I know much of the issue will be device-specific, but my point (and the reason I quoted that specific part of your OP) is that, on fastboot mode, the device is snappy and responsive. When I press a button it completes the corresponding task immediately, frames don't stutter (not that there are any animations to be rendered in fastboot, but when I switch from one option to another using the volume keys, it does so on screen as it should, with no lag), and so on. Stock recovery also seems to be ok with speed, but it's even harder to measure than fastboot because, in almost 10 years meddling with android devices, I have always found stock recoveries (and CWM in the pre-TWRP times) to be somewhat slow. Stock recovery definitely looks snappier than TWRP, though. Tried several ROMs, both custom and stock, and the issues remain on all of them.
I got to this post by researching if fastboot mode was stored on the same NAND chip as recovery, OS and so on (found out that yes, it's all on the same chip).

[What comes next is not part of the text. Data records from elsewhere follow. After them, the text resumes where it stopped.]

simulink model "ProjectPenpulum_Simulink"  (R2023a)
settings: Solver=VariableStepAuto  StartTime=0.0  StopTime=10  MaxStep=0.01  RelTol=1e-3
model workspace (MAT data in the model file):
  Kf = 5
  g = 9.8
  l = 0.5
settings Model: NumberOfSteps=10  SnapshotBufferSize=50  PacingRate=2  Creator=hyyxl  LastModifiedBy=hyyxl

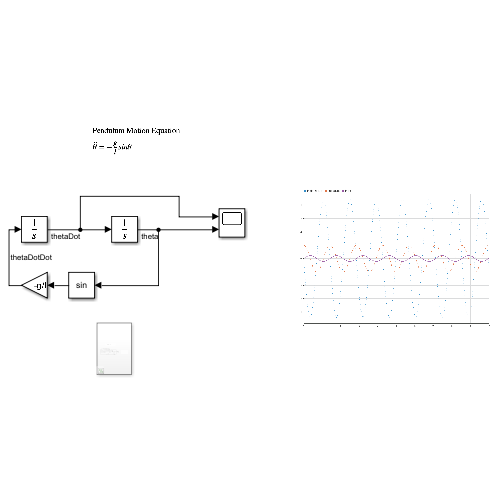
[thumbnail: Simulink's stored preview of the top-level diagram]
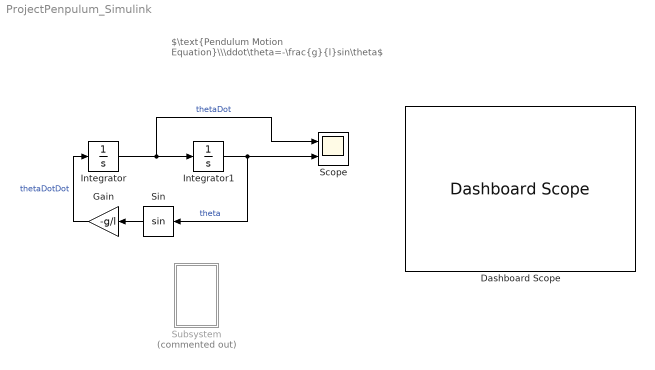
== system ProjectPenpulum_Simulink ==
  note: $\text{Pendulum Motion Equation}\\\ddot\theta=-\frac{g}{l}sin\theta$
  Dashboard Scope : DashboardScope
  Gain : Gain  Gain=-g/l
  Integrator : Integrator  InitialCondition=1
  Integrator1 : Integrator
  Scope : Scope  NumInputPorts=2
  Sin : Trigonometry
  Subsystem : Subsystem  Commented=on
  wires:
  Integrator/1 -> Scope/1, Integrator1/1  "thetaDot"
  Integrator1/1 -> Sin/1, Scope/2  "theta"
  Sin/1 -> Gain/1
  Gain/1 -> Integrator/1  "thetaDotDot"

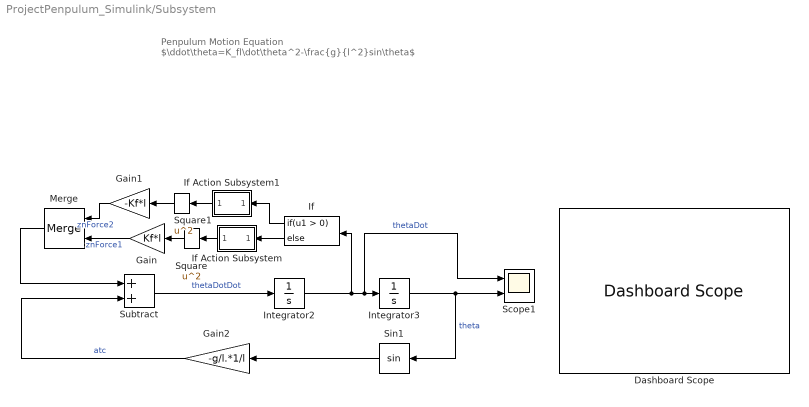
== system ProjectPenpulum_Simulink/Subsystem ==
  note: Penpulum Motion Equation
      |
      | $\ddot\theta=K_fl\dot\theta^2-\frac{g}{l^2}sin\theta$
  Dashboard Scope : DashboardScope
  Gain : Gain  Gain=Kf*l
  Gain1 : Gain  Gain=-Kf*l
  Gain2 : Gain  Gain=-g/l.*1/l
  If : If
  If Action Subsystem : Subsystem  TreatAsAtomicUnit=on
  If Action Subsystem1 : Subsystem  TreatAsAtomicUnit=on
  Integrator2 : Integrator  InitialCondition=0.8
  Integrator3 : Integrator
  Merge : Merge
  Scope1 : Scope  NumInputPorts=2
  Sin1 : Trigonometry
  Square : Math  Operator=square
  Square1 : Math  Operator=square
  Subtract : Sum
  wires:
  Sin1/1 -> Gain2/1
  Integrator3/1 -> Scope1/2, Sin1/1  "theta"
  Integrator2/1 -> If/1, Integrator3/1, Scope1/1  "thetaDot"
  Subtract/1 -> Integrator2/1  "thetaDotDot"
  If/2 -> If Action Subsystem/1(In1)
  Square/1 -> Gain/1
  Square1/1 -> Gain1/1
  If/1 -> If Action Subsystem1/1(In1)
  Gain2/1 -> Subtract/2  "atc"
  If Action Subsystem/1(Out1) -> Square/1
  If Action Subsystem1/1(Out1) -> Square1/1
  Gain1/1 -> Merge/1  "znForce2"
  Gain/1 -> Merge/2  "znForce1"
  Merge/1 -> Subtract/1

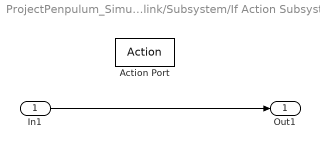
== system ProjectPenpulum_Simulink/Subsystem/If Action Subsystem ==
  In1 : Inport
  Action Port : ActionPort
  Out1 : Outport
  wires:
  In1/1 -> Out1/1

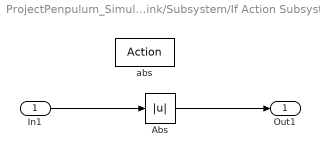
== system ProjectPenpulum_Simulink/Subsystem/If Action Subsystem1 ==
  In1 : Inport
  abs : ActionPort
  Abs : Abs  SaturateOnIntegerOverflow=off
  Out1 : Outport
  wires:
  In1/1 -> Abs/1
  Abs/1 -> Out1/1
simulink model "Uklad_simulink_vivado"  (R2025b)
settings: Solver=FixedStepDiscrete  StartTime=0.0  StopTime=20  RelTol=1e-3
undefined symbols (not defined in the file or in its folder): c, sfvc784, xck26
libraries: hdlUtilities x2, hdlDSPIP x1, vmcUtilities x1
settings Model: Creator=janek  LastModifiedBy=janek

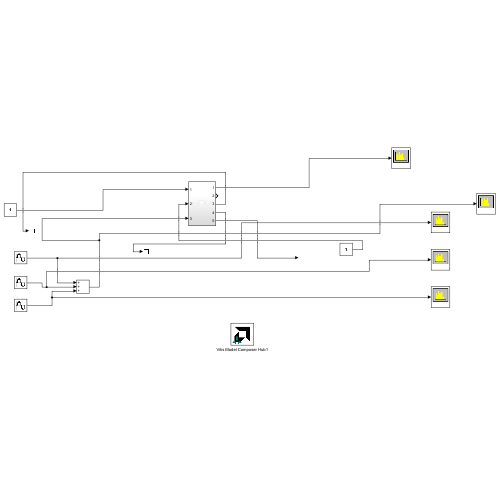
[thumbnail: Simulink's stored preview of the top-level diagram]
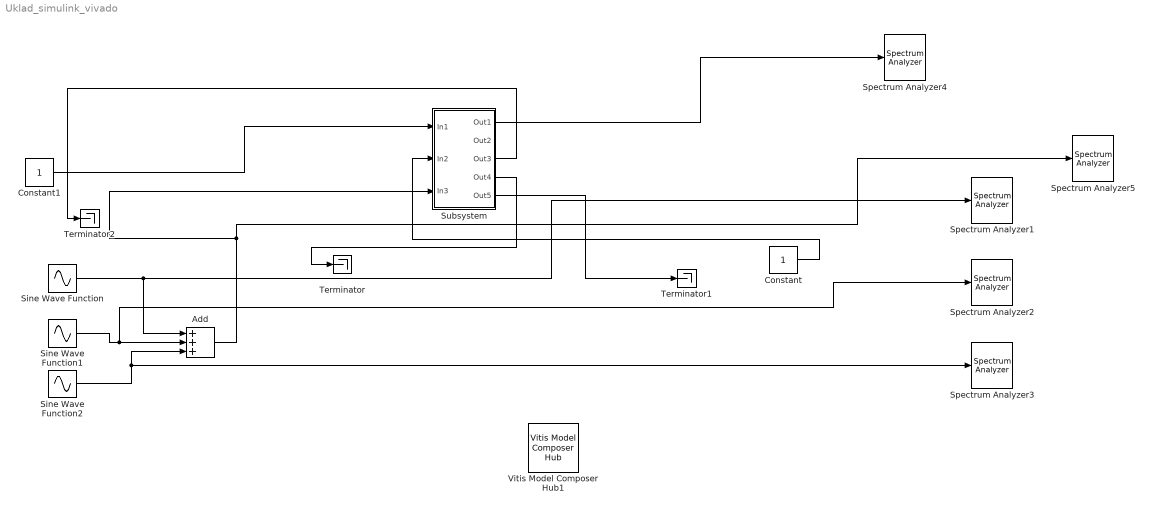
== system Uklad_simulink_vivado ==
  Add : Sum  Inputs=+++
  Constant : Constant  OutDataTypeStr=boolean
  Constant1 : Constant  OutDataTypeStr=boolean
  Sine Wave Function : Sin  Frequency=2*pi*1000  SampleTime=1/27000
  Sine Wave Function1 : Sin  Frequency=2*pi*3500  SampleTime=1/27000
  Sine Wave Function2 : Sin  Frequency=2*pi*7000  SampleTime=1/27000
  Spectrum Analyzer1 : SpectrumAnalyzer  WindowPosition=[2776.000000,2394.000000,1105.000000,500.000000,]  Visible=on  ScopeFrameLocation=window  WindowInvariantSamplesPerUpdate=on  Span=27000  StartFrequency=-13500  StopFrequency=13500  MaximizeAxes=Off  YLimits=[-394.5855396148054 151.1136443372478]
  Spectrum Analyzer2 : SpectrumAnalyzer  WindowPosition=[2772.000000,1814.000000,1105.000000,500.000000,]  Visible=on  ScopeFrameLocation=window  WindowInvariantSamplesPerUpdate=on  Span=27000  StartFrequency=-13500  StopFrequency=13500  YLimits=[-1102.9956638291546 573.1047111409932]
  Spectrum Analyzer3 : SpectrumAnalyzer  WindowPosition=[2752.000000,1245.000000,1105.000000,500.000000,]  Visible=on  ScopeFrameLocation=window  WindowInvariantSamplesPerUpdate=on  Span=27000  StartFrequency=-13500  StopFrequency=13500  YLimits=[-2154.3264776502465 1159.3055172489956]
  Spectrum Analyzer4 : SpectrumAnalyzer  WindowPosition=[2776.000000,2981.000000,1105.000000,500.000000,]  Visible=on  ScopeFrameLocation=window  WindowInvariantSamplesPerUpdate=on  Span=27000  StartFrequency=-13500  StopFrequency=13500  YLimits=[-251.3612 53.9685]
  Spectrum Analyzer5 : SpectrumAnalyzer  WindowPosition=[-1290.000000,2968.000000,1105.000000,500.000000,]  Visible=on  ScopeFrameLocation=window  WindowInvariantSamplesPerUpdate=on  Span=27000  StartFrequency=-13500  StopFrequency=13500  YLimits=[-245.3447 53.9043]
  Subsystem : Subsystem
  Terminator : Terminator
  Terminator1 : Terminator
  Terminator2 : Terminator
  Vitis Model Composer Hub1 : vmcUtilities/Vitis Model Composer Hub  Tag=genX  CodeGeneration=off  SubsystemName=Subsystem  CompilationType=HDLCompilation  ExportTypeV2=IP Catalog  StartColumn=1  NumberOfColumns=1  TargetDirectory=./netlist  exportDesign=off  analyzeDesign=off  validateDesignOnHw=off  ExportType=AI Engines  IpVendor=xilinx.com  IpLibrary=hls  IpVersion=1.0  IpHWLanguage=Verilog  AieCompilerOptions={}  AieSimulatorOptions={}  CreateTestbench=off  TestbenchStackSize=10  RunRtlSim=off  RunCSim=off  RunAieSim=off  AieSimTimeout=50000  RunAieSimProfiling=off  LaunchVitisAnalyzer=off  PlotOutput=off  RunX86Sim=off  X86SimTimeout=10  GenHwImage=off  GenLibadfXo=on  GenHwValidationCode=off  PlatformType=Not Specified  HwSystemType=Baremetal  HwValidationTarget=hw  ProjDevice=Kria KR260 Robotics Starter Kit SOM (xck26-sfvc784-2LV-c)  ProjDevicePart=xck26-sfvc784-2LV-c  AIEType=None  SamplePeriod=-1  ClockFrequency=200  DataPathParallelism=1  xilinxfamily=zynquplus  part=xck26  speed=-2LV-c  package=sfvc784  directory=./netlist\ip\Subsystem\src  testbench=off  incr_netlist=off  synthesis_tool=Vivado  clock_wrapper=Clock Enables  dbl_ovrd=According to Block Masks  dcm_input_clock_period=10  sysclk_period=10  simulink_period=1/27000  eval_field=0  LogFileName=''  NThreads=4
  wires:
  Sine Wave Function/1 -> Spectrum Analyzer1/1, Add/1
  Sine Wave Function1/1 -> Spectrum Analyzer2/1, Add/2
  Sine Wave Function2/1 -> Spectrum Analyzer3/1, Add/3
  Constant1/1 -> Subsystem/1(In1)
  Constant/1 -> Subsystem/2(In2)
  Add/1 -> Spectrum Analyzer5/1, Subsystem/3(In3)
  Subsystem/1(Out1) -> Spectrum Analyzer4/1
  Subsystem/3(Out3) -> Terminator2/1
  Subsystem/4(Out4) -> Terminator/1
  Subsystem/5(Out5) -> Terminator1/1

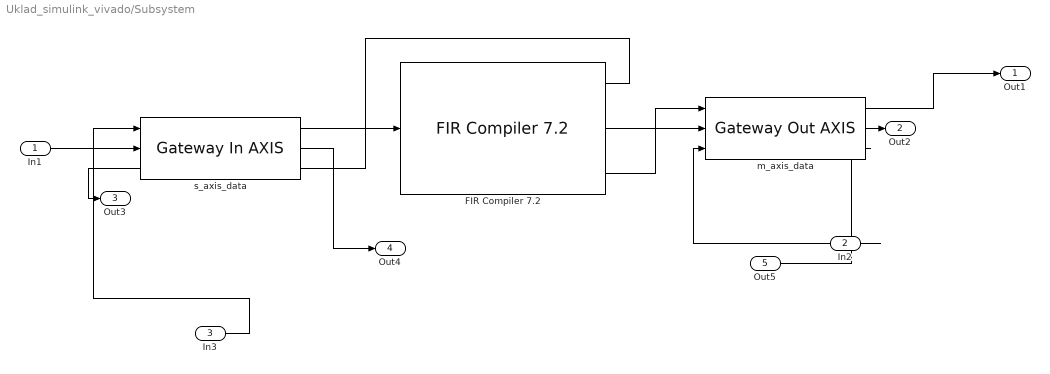
== system Uklad_simulink_vivado/Subsystem ==
  In1 : Inport
  In2 : Inport  Port=2
  In3 : Inport  Port=3
  "FIR Compiler 7.2 " : hdlDSPIP/FIR Compiler 7.2   coefficientvector=my_coefficients  coefficient_sets=1  coefficient_reload=off  filter_type=Single_Rate  rate_change_type=Integer  interpolation_rate=1  decimation_rate=1  zero_pack_factor=1  channel_sequence=Basic  number_channels=1  pattern_list='P4-0,P4-1,P4-2,P4-3,P4-4'  number_paths=1  ratespecification=Maximum_Possible  sampleperiod=1  hardwareoversamplingrate=1  coefficient_sign=Unsigned  quantization=Quantize_Only  coefficient_width=16  bestprecision=on  coefficient_fractional_bits=16  coefficient_structure=Inferred  output_rounding_mode=Full_Precision  output_width=34  filter_architecture=Systolic_Multiply_Accumulate  optimization_goal=Area  optimization_list='None'  data_buffer_type=Automatic  coefficient_buffer_type=Automatic  input_buffer_type=Automatic  output_buffer_type=Automatic  preference_for_other_storage=Automatic  multi_column_support=Automatic  columnconfig='69'  inter_column_pipe_length=4  data_has_tlast=Not_Required  m_data_has_tready=off  s_data_has_fifo=off  s_data_has_tuser=Not_Required  m_data_has_tuser=Not_Required  s_config_sync_mode=On_Vector  s_config_method=Single  num_reload_slots=1  has_aclken=off  has_aresetn=off  reset_data_vector=on  trim_axipin_name=on  simulation_type=hybrid_sim  simulation_model=sysgen:xfirv7_2_cmodel  data_path_portlist={ 's_axis_data_tdata', 'm_axis_data_tdata' }  passband_min=0.0  passband_max=0.5  stopband_min=0.5  stopband_max=1.0  filter_selection=1  gui_behaviour='Sysgen_GUI'  data_sign=Signed  data_width=16  data_fractional_bits=0  data_tuser_width=1  wrapper_available=true  ip_wrap_arbitrary_binary_point=true  ip_name=FIR Compiler  ip_version=7.2  dsptool_ready=true  ipcore_usecache=true  ipcore_useipmodelcache=true  port_translation_map={ 'aclken' => 'en', 'aresetn' => 'rst' }  run_core_at_system_period=true  ipcore_xco_need_fpga_part=true  ipcore_fpga_part=[]  XmcBlockStatus=1  maskContainerNames=tabcontainer1  block_type=fir_compiler_v7_2  block_config=sysgen:rodinimport_config  block_width=820  block_height=600
  m_axis_data : hdlUtilities/Gateway Out AXIS  mask_sample_period=1/27000  bool_to_boolean=off  block_type=gatewayoutaxi
  s_axis_data : hdlUtilities/Gateway In AXIS  gui_display_data_type=Fixed-point  arith_type=Signed (2's comp)  n_bits=16  bin_pt=12  preci_type=Custom  exp_width=16  frac_width=24  quantization="Round  (unbiased: +/- Inf)"  overflow=Saturate  bool_to_boolean=off  OutSampleTime=1/27000  block_type=gatewayinaxi  XmcBlockStatus=1
      link override s_axis_data_tdata: gui_display_data_type=Fixed-point
  Out1 : Outport
  Out2 : Outport  Port=2
  Out3 : Outport  Port=3
  Out4 : Outport  Port=4
  Out5 : Outport  Port=5
  wires:
  s_axis_data/3 -> Out3/1
  m_axis_data/3 -> Out5/1
  In3/1 -> s_axis_data/1
  s_axis_data/1 -> "FIR Compiler 7.2 "/1
  "FIR Compiler 7.2 "/2 -> m_axis_data/2
  m_axis_data/2 -> Out2/1
  In1/1 -> s_axis_data/2
  In2/1 -> m_axis_data/3
  m_axis_data/1 -> Out1/1
  "FIR Compiler 7.2 "/1 -> s_axis_data/3
  "FIR Compiler 7.2 "/3 -> m_axis_data/1
  s_axis_data/2 -> Out4/1

If it wasn't, I could just assume it was a hardware fault on the NAND chip, and that would be the reason that fastboot was running fine but recovery and OS weren't, but since they're all on the same cell, I can only think that some part of the system (I mean as in every single code that runs on the device, not only the OS) that loads on TWRP and on normal boot, but not on fastboot (and possibly not on stock recovery) are faulty, thus being a software issue (either solvable with just a normal USB cable or needing a flash box).
So, my question is: which are the differences in the parts of system loaded by fastboot and by TWRP? Are there any parts that are loaded by TWRP that aren't loaded by the stock recoveries on most devices?
I know it's a rather complicated question and some stuff might be device-specific, but if there is anything you could tell me that are more generic to every Android device, it would help me a lot. Thanks in advance.